Your answer should be a single number: the count of lines in the records below containing the word "Delay".

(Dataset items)

+ + + +

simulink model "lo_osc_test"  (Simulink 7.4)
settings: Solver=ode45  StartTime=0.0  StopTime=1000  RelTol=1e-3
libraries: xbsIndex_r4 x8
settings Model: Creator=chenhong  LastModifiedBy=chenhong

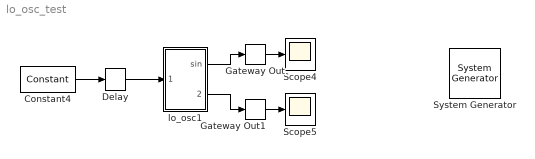
== system lo_osc_test ==
  " System Generator" : xbsIndex_r4/ System Generator  Tag=genX  SystemSampleTime=-1  xilinxfamily=Virtex6  part=xc6vsx315t  speed=-3  package=ff1156  synthesis_tool=XST  clock_wrapper=Clock Enables  directory=./netlist  testbench=off  simulink_period=1  sysclk_period=10  dcm_input_clock_period=10  incr_netlist=off  trim_vbits=Everywhere in SubSystem  dbl_ovrd=According to Block Masks  core_generation=According to Block Masks  run_coregen=off  deprecated_control=off  eval_field=0  block_type=sysgen
      settings: block_version=11.4
  Constant4 : xbsIndex_r4/Constant  arith_type=Boolean  const=1  n_bits=16  bin_pt=14  explicit_period=on  period=1024  equ=P=C  opselect=C  inp2=PCIN>>17  opr=+  inp1=P  carry=CIN  dbl_ovrd=off  block_type=constant
      settings: block_version=11.4
  Delay : xbsIndex_r4/Delay  en=off  latency=25  dbl_ovrd=off  reg_retiming=off  block_type=delay
      settings: block_version=11.4
  Gateway Out : xbsIndex_r4/Gateway Out  hdl_port=on  timing_constraint=None  locs_specified=off  LOCs={}  block_type=gatewayout
      settings: infoedit="Gateway out block.  Converts Xilinx fixed point inputs into ouputs of type Simulink integer, double, or fixed point.<br><br>Hardware notes:  In hardware these blocks become top level output ports or are discarded, depending on how they are configured."  block_version=11.4
  Gateway Out1 : xbsIndex_r4/Gateway Out  hdl_port=on  timing_constraint=None  locs_specified=off  LOCs={}  block_type=gatewayout
      settings: infoedit="Gateway out block.  Converts Xilinx fixed point inputs into ouputs of type Simulink integer, double, or fixed point.<br><br>Hardware notes:  In hardware these blocks become top level output ports or are discarded, depending on how they are configured."  block_version=11.4
  Scope4 : Scope
  Scope5 : Scope
  lo_osc1 : Subsystem  AncestorBlock=xblocks_library_downconverter/lo_osc  mask(lo_osc){n_bits=8, counter_step=5, counter_start=1, counter_width=8, latency=2}
      mask prompts: n_bits "Output Bitwidth"; counter_step "counter step"; counter_start "counter start value"; counter_width "Counter Bitwidth"; latency "Lookup latency"
      mask help:
      | Generates -sin and cos data using a look-up
      | table.
      mask init:
      | config.source=str2func('lo_osc_init_xblock');
      | config.depend=get_dependlist('lo_osc');
      | config.toplevel=gcb;
      | set_param(gcb,'LinkStatus','inactive');
      | xBlock(config, {config.toplevel,...
      |     'n_bits', n_bits, ...
      |     'counter_step', counter_step, ...
      |     'counter_start', counter_start, ...
      |     'counter_width', counter_width, ...
      |     'latency', latency});
      mask Help: eval('xlWeb(''http://casper.berkeley.edu/wiki/Lo_osc'')')
  wires:
  Constant4/1 -> Delay/1
  lo_osc1/1(sin) -> Gateway Out/1
  lo_osc1/2(cos) -> Gateway Out1/1
  Gateway Out1/1 -> Scope5/1
  Gateway Out/1 -> Scope4/1
  Delay/1 -> lo_osc1/1(sync)

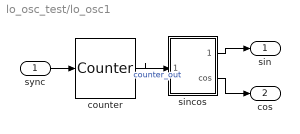
== system lo_osc_test/lo_osc1 ==
  sync : Inport  OutDataType=sfix(16)  OutScaling=2^0
  counter : xbsIndex_r4/Counter  cnt_type=Free Running  cnt_to=Inf  operation=Up  start_count=1  cnt_by_val=5  arith_type=Unsigned  n_bits=8  bin_pt=0  load_pin=off  rst=on  en=off  explicit_period=on  period=1  dbl_ovrd=off  use_behavioral_HDL=off  implementation=Fabric  block_type=counter
      settings: block_version=11.4
  sincos : Subsystem
      settings: AttributesFormatString=|
      | depth_bits = 8
      | bit_width = 8
  sin : Outport  OutDataType=sfix(16)  OutScaling=2^0
  cos : Outport  Port=2  OutDataType=sfix(16)  OutScaling=2^0
  wires:
  sincos/2(cos) -> cos/1
  sincos/1(-sine) -> sin/1
  counter/1 -> sincos/1(theta)  "counter_out"
  sync/1 -> counter/1

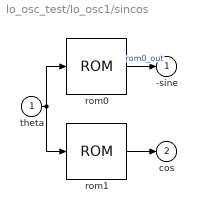
== system lo_osc_test/lo_osc1/sincos ==
  theta : Inport
  rom0 : xbsIndex_r4/ROM  depth=256  initVector=[-0 -0.0245412285229123 -0.049067674327418 -0.0735645635996674 -0.0980171403295606 -0.122410675199216 -0.146730474455362 -0.170961888760301 -0.195090322016128 -0.21910124015687 -0.242980179903264 -0.266712757474898 -0.290284677254462 -0.313681740398892 -0.33688985339222 -0.359895036534988 -0.38268343236509 -0.40524131400499 -0.427555093430282 -0.449611329654607 -0.471396736825998 -0.492898192229784 -0.514102744193222 -0.534997619887097 -0.555570233019602 -0.575808191417845 -0.595699304492433 -0.615231590580627 -0.634393284163645 -0.653172842953777 -0.671558954847018 -0.689540544737067 -0.707106781186547 -0.724247082951467 -0.740951125354959 -0.757208846506485 -0.773010453362737 -0.788346427626606 -0.803207531480645 -0.817584813151584 -0.831469612302545 -0.844853565249707 -0.857728610000272 -0.870086991108711 -0.881921264348355 -0.893224301195515 -0.903989293123443 -0.914209755703531 -0.923879532511287 -0.932992798834739 -0.941544065183021 -0.949528180593037 -0.956940335732209 -0.96377606579544 -0.970031253194544 -0.975702130038529 -0.98078528040323 -0.985277642388941 -0.989176509964781 -0.99247953459871 -0.995184726672197 -0.99729045667869 -0.998795456205172 -0.999698818696204 -1 -0.999698818696204 -0.998795456205172 -0.99729045667869 -0.995184726672197 -0.99247953459871 -0.989176509964781 -0.985277642388941 -0.98078528040323 -0.975702130038529 -0.970031253194544 -0.96377606579544 -0.956940335732209 -0.949528180593037 -0.941544065183021 -0.932992798834739 -0.923879532511287 -0.914209755703531 -0.903989293123443 -0.893224301195515 -0.881921264348355 -0.870086991108711 -0.857728610000272 -0.844853565249707 -0.831469612302545 -0.817584813151584 -0.803207531480645 -0.788346427626606 -0.773010453362737 -0.757208846506485 -0.740951125354959 -0.724247082951467 -0.707106781186548 -0.689540544737067 -0.671558954847019 -0.653172842953777 -0.634393284163645 -0.615231590580627 -0.595699304492433 -0.575808191417845 -0.555570233019602 -0.534997619887097 -0.514102744193222 -0.492898192229784 -0.471396736825998 -0.449611329654607 -0.427555093430282 -0.40524131400499 -0.38268343236509 -0.359895036534988 -0.33688985339222 -0.313681740398891 -0.290284677254462 -0.266712757474898 -0.242980179903264 -0.21910124015687 -0.195090322016129 -0.170961888760301 -0.146730474455362 -0.122410675199216 -0.0980171403295608 -0.0735645635996677 -0.049067674327418 -0.0245412285229123 -1.22464679914735e-16 0.0245412285229121 0.0490676743274177 0.0735645635996675 0.0980171403295606 0.122410675199216 0.146730474455362 0.170961888760301 0.195090322016128 0.21910124015687 0.242980179903264 0.266712757474898 0.290284677254462 0.313681740398891 0.33688985339222 0.359895036534988 0.38268343236509 0.40524131400499 0.427555093430282 0.449611329654607 0.471396736825998 0.492898192229784 0.514102744193222 0.534997619887097 0.555570233019602 0.575808191417845 0.595699304492433 0.615231590580627 0.634393284163645 0.653172842953777 0.671558954847018 0.689540544737067 0.707106781186547 0.724247082951467 0.740951125354959 0.757208846506484 0.773010453362737 0.788346427626606 0.803207531480645 0.817584813151584 0.831469612302545 0.844853565249707 0.857728610000272 0.870086991108711 0.881921264348355 0.893224301195515 0.903989293123443 0.91420975570353 0.923879532511287 0.932992798834739 0.941544065183021 0.949528180593037 0.956940335732209 0.96377606579544 0.970031253194544 0.975702130038528 0.98078528040323 0.985277642388941 0.989176509964781 0.99247953459871 0.995184726672197 0.99729045667869 0.998795456205172 0.999698818696204 1 0.999698818696204 0.998795456205172 0.99729045667869 0.995184726672197 0.99247953459871 0.989176509964781 0.985277642388941 0.98078528040323 0.975702130038529 0.970031253194544 0.96377606579544 0.956940335732209 0.949528180593037 0.941544065183021 0.932992798834739 0.923879532511287 0.914209755703531 0.903989293123443 0.893224301195515 0.881921264348355 0.870086991108711 0.857728610000272 0.844853565249707 0.831469612302545 0.817584813151584 ...(+684 chars)]  distributed_mem=Block RAM  rst=off  init_reg=0  en=off  latency=2  arith_type="Signed  (2's comp)"  n_bits=8  bin_pt=7  dbl_ovrd=off  optimize=Area  use_rpm=on  block_type=sprom
      settings: block_version=11.4
  rom1 : xbsIndex_r4/ROM  depth=256  initVector=[1 0.999698818696204 0.998795456205172 0.99729045667869 0.995184726672197 0.99247953459871 0.989176509964781 0.985277642388941 0.98078528040323 0.975702130038529 0.970031253194544 0.96377606579544 0.956940335732209 0.949528180593037 0.941544065183021 0.932992798834739 0.923879532511287 0.914209755703531 0.903989293123443 0.893224301195515 0.881921264348355 0.870086991108711 0.857728610000272 0.844853565249707 0.831469612302545 0.817584813151584 0.803207531480645 0.788346427626606 0.773010453362737 0.757208846506485 0.740951125354959 0.724247082951467 0.707106781186548 0.689540544737067 0.671558954847018 0.653172842953777 0.634393284163645 0.615231590580627 0.595699304492433 0.575808191417845 0.555570233019602 0.534997619887097 0.514102744193222 0.492898192229784 0.471396736825998 0.449611329654607 0.427555093430282 0.40524131400499 0.38268343236509 0.359895036534988 0.33688985339222 0.313681740398892 0.290284677254462 0.266712757474898 0.242980179903264 0.21910124015687 0.195090322016128 0.170961888760301 0.146730474455362 0.122410675199216 0.0980171403295608 0.0735645635996675 0.0490676743274181 0.0245412285229123 6.12323399573677e-17 -0.0245412285229121 -0.049067674327418 -0.0735645635996673 -0.0980171403295606 -0.122410675199216 -0.146730474455362 -0.170961888760301 -0.195090322016128 -0.21910124015687 -0.242980179903264 -0.266712757474898 -0.290284677254462 -0.313681740398891 -0.33688985339222 -0.359895036534988 -0.38268343236509 -0.40524131400499 -0.427555093430282 -0.449611329654607 -0.471396736825998 -0.492898192229784 -0.514102744193222 -0.534997619887097 -0.555570233019602 -0.575808191417845 -0.595699304492433 -0.615231590580627 -0.634393284163645 -0.653172842953777 -0.671558954847018 -0.689540544737067 -0.707106781186547 -0.724247082951467 -0.740951125354959 -0.757208846506485 -0.773010453362737 -0.788346427626606 -0.803207531480645 -0.817584813151584 -0.831469612302545 -0.844853565249707 -0.857728610000272 -0.870086991108711 -0.881921264348355 -0.893224301195515 -0.903989293123443 -0.914209755703531 -0.923879532511287 -0.932992798834739 -0.941544065183021 -0.949528180593037 -0.956940335732209 -0.96377606579544 -0.970031253194544 -0.975702130038528 -0.98078528040323 -0.985277642388941 -0.989176509964781 -0.99247953459871 -0.995184726672197 -0.99729045667869 -0.998795456205172 -0.999698818696204 -1 -0.999698818696204 -0.998795456205172 -0.99729045667869 -0.995184726672197 -0.99247953459871 -0.989176509964781 -0.985277642388941 -0.98078528040323 -0.975702130038529 -0.970031253194544 -0.96377606579544 -0.956940335732209 -0.949528180593037 -0.941544065183021 -0.932992798834739 -0.923879532511287 -0.914209755703531 -0.903989293123443 -0.893224301195515 -0.881921264348355 -0.870086991108711 -0.857728610000272 -0.844853565249707 -0.831469612302545 -0.817584813151584 -0.803207531480645 -0.788346427626606 -0.773010453362737 -0.757208846506485 -0.740951125354959 -0.724247082951467 -0.707106781186548 -0.689540544737067 -0.671558954847019 -0.653172842953777 -0.634393284163646 -0.615231590580627 -0.595699304492433 -0.575808191417845 -0.555570233019602 -0.534997619887097 -0.514102744193222 -0.492898192229784 -0.471396736825998 -0.449611329654607 -0.427555093430282 -0.40524131400499 -0.38268343236509 -0.359895036534988 -0.33688985339222 -0.313681740398891 -0.290284677254462 -0.266712757474899 -0.242980179903264 -0.21910124015687 -0.195090322016129 -0.170961888760302 -0.146730474455362 -0.122410675199216 -0.0980171403295605 -0.0735645635996674 -0.049067674327418 -0.0245412285229124 -1.83697019872103e-16 0.024541228522912 0.0490676743274177 0.073564563599667 0.0980171403295601 0.122410675199216 0.146730474455362 0.170961888760301 0.195090322016128 0.21910124015687 0.242980179903264 0.266712757474898 0.290284677254462 0.313681740398891 0.33688985339222 0.359895036534988 0.38268343236509 0.40524131400499 0.427555093430282 0.449611329654607 0.471396736825998 0.492898192229784 0.514102744193222 0.534997619887097 0.555570233019602 ...(+697 chars)]  distributed_mem=Block RAM  rst=off  init_reg=0  en=off  latency=2  arith_type="Signed  (2's comp)"  n_bits=8  bin_pt=7  dbl_ovrd=off  optimize=Area  use_rpm=on  block_type=sprom
      settings: block_version=11.4
  -sine : Outport
  cos : Outport  Port=2
  wires:
  theta/1 -> rom1/1, rom0/1
  rom1/1 -> cos/1
  rom0/1 -> -sine/1  "rom0_out"

+ + + +

* Your response:
3